(WHAT THIS TASK INVOLVES): Go through the records and show each line where the word "Inventor" occurs.

Records from a dataset:

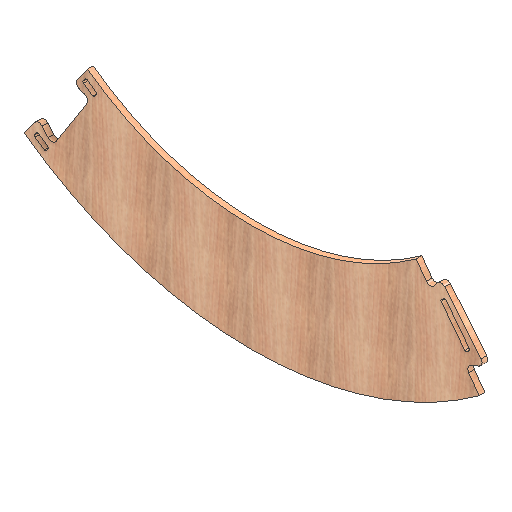
# Autodesk Inventor part: Platform E2
Saved by Autodesk Inventor 2021 (Build 250183000, 183)
## iProperties
Created: 2020-05-09
Part Number: Platform E2
Material: Wood (Birch)
Document SubType Name: Modeling
Designer: Dan Wikman
Density: 0.55 g/cm^3
Appearance: Birch - Natural Polished
Mass: 4367.89 g
Surface Area: 9554.9 cm^2
Volume: 7941.62 cm^3
Autodesk Inventor part; units mm, degrees
ref_plane "YZ Plane" through (0, 0, 0) normal (1, 0, 0) x (0, 1, 0)
ref_plane "XZ Plane" through (0, 0, 0) normal (0, 1, 0) x (-1, 0, 0)
ref_plane "XY Plane" through (0, 0, 0) normal (0, 0, 1) x (1, 0, 0)
sketch "CONTOURS" plane through (0, 0, 0) normal (0, 0, 1) x (1, 0, 0)
  arc A0 (122.9585, 280.6191) -> (147.7621, 282.3295) centre (134.7234, 290.7105) ccw
  line L0 (147.7621, 282.3295) -> (245.0646, 433.7067)
  arc A1 (245.0646, 433.7067) -> (237.169, 456.7096) centre (232.0259, 442.0877) ccw
  line L1 (237.169, 456.7096) -> (221.2353, 462.314)
  arc A2 (214.3157, 484.5154) -> (221.2353, 462.314) centre (226.0465, 475.9926) ccw
  line L2 (214.3157, 484.5154) -> (246.7015, 529.0906)
  arc A3 (246.7015, 529.0906) -> (1281.107, 529.0906) centre (763.9042, 1241.8098) ccw
  line L3 (1281.107, 529.0906) -> (1313.4927, 484.5154)
  arc A4 (1313.4927, 484.5154) -> (1338.3495, 484.2164) centre (1326.0325, 493.6261) ccw
  line L4 (1338.3495, 484.2164) -> (1348.6034, 497.6384)
  arc A5 (1371.3515, 498.0135) -> (1348.6034, 497.6384) centre (1360.1257, 488.8357) ccw
  line L5 (1371.3515, 498.0135) -> (1485.2517, 358.6952)
  arc A6 (1479.6031, 336.133) -> (1485.2517, 358.6952) centre (1474.0258, 349.5174) ccw
  line L6 (1479.6031, 336.133) -> (1452.9579, 325.03)
  arc A7 (1452.9579, 325.03) -> (1446.3801, 301.6117) centre (1458.9198, 310.7224) ccw
  line L7 (1446.3801, 301.6117) -> (1479.7785, 255.6428)
  arc A8 (48.0301, 255.6429) -> (1479.7785, 255.6428) centre (763.9044, 1242.1407) ccw
  line L8 (48.0301, 255.6429) -> (81.4284, 301.6117)
  arc A9 (104.1651, 302.5292) -> (81.4284, 301.6117) centre (93.1592, 293.0889) ccw
  line L9 (104.1651, 302.5292) -> (122.9585, 280.6191)
  constraints: 20 end point, 20 point on circle, 10 centre point
sketch "HOLES" plane through (0, 0, 0) normal (0, 0, 1) x (1, 0, 0)
  arc A0 (123.1485, 251.2322) -> (122.1121, 256.7934) centre (119.8497, 253.4946) ccw
  line L0 (122.1121, 256.7934) -> (92.4235, 277.1548)
  arc A1 (92.4235, 277.1548) -> (86.8624, 276.1184) centre (90.1611, 273.856) ccw
  line L1 (86.8624, 276.1184) -> (80.6409, 267.0469)
  arc A2 (80.6409, 267.0469) -> (81.6772, 261.4858) centre (83.9396, 264.7845) ccw
  line L2 (116.9269, 242.1607) -> (123.1485, 251.2322)
  arc A3 (111.3658, 241.1244) -> (116.9269, 242.1607) centre (113.6282, 244.4231) ccw
  line L3 (264.0494, 464.2922) -> (234.3609, 484.6537)
  arc A4 (233.3245, 490.2148) -> (234.3609, 484.6537) centre (236.6232, 487.9524) ccw
  line L4 (233.3245, 490.2148) -> (239.546, 499.2863)
  arc A5 (245.1072, 500.3226) -> (239.546, 499.2863) centre (242.8448, 497.0239) ccw
  line L5 (245.1072, 500.3226) -> (274.7957, 479.9612)
  arc A6 (275.8321, 474.4001) -> (274.7957, 479.9612) centre (272.5334, 476.6625) ccw
  line L6 (275.8321, 474.4001) -> (269.6106, 465.3286)
  arc A7 (264.0494, 464.2922) -> (269.6106, 465.3286) centre (266.3118, 467.591) ccw
  line L7 (1443.1181, 358.0576) -> (1448.6625, 362.3307)
  arc A8 (1448.6625, 362.3307) -> (1449.389, 367.9407) centre (1446.2207, 365.4989) ccw
  line L8 (1449.389, 367.9407) -> (1374.9151, 464.5722)
  arc A9 (1374.9151, 464.5722) -> (1369.3051, 465.2986) centre (1371.7469, 462.1304) ccw
  line L9 (1369.3051, 465.2986) -> (1360.5924, 458.5838)
  arc A10 (1360.5924, 458.5838) -> (1359.866, 452.9738) centre (1363.0342, 455.4155) ccw
  line L10 (1359.866, 452.9738) -> (1434.3398, 356.3423)
  arc A11 (1434.3398, 356.3423) -> (1439.9498, 355.6158) centre (1437.5081, 358.7841) ccw
  line L11 (1439.9498, 355.6158) -> (1443.1181, 358.0576)
  line L12 (81.6772, 261.4858) -> (111.3658, 241.1244)
  constraints: 26 end point, 24 point on circle, 12 centre point
sketch "LETTERS" plane through (0, 0, 0) normal (0, 0, 1) x (1, 0, 0)
  line L0 (274.8207, 322.605) -> (262.022, 329.8103)
  line L1 (262.022, 329.8103) -> (252.3047, 312.5498)
  line L2 (252.3047, 312.5498) -> (265.1034, 305.3445)
  constraints: 6 end point
extrude "Extrusion1" add sketch "CONTOURS" along normal blind 18
extrude "Extrusion2" cut sketch "HOLES" along normal blind 18
body "Solid1"

(RESPONSE TO THE EXERCISE):
# Autodesk Inventor part: Platform E2
Saved by Autodesk Inventor 2021 (Build 250183000, 183)
Autodesk Inventor part; units mm, degrees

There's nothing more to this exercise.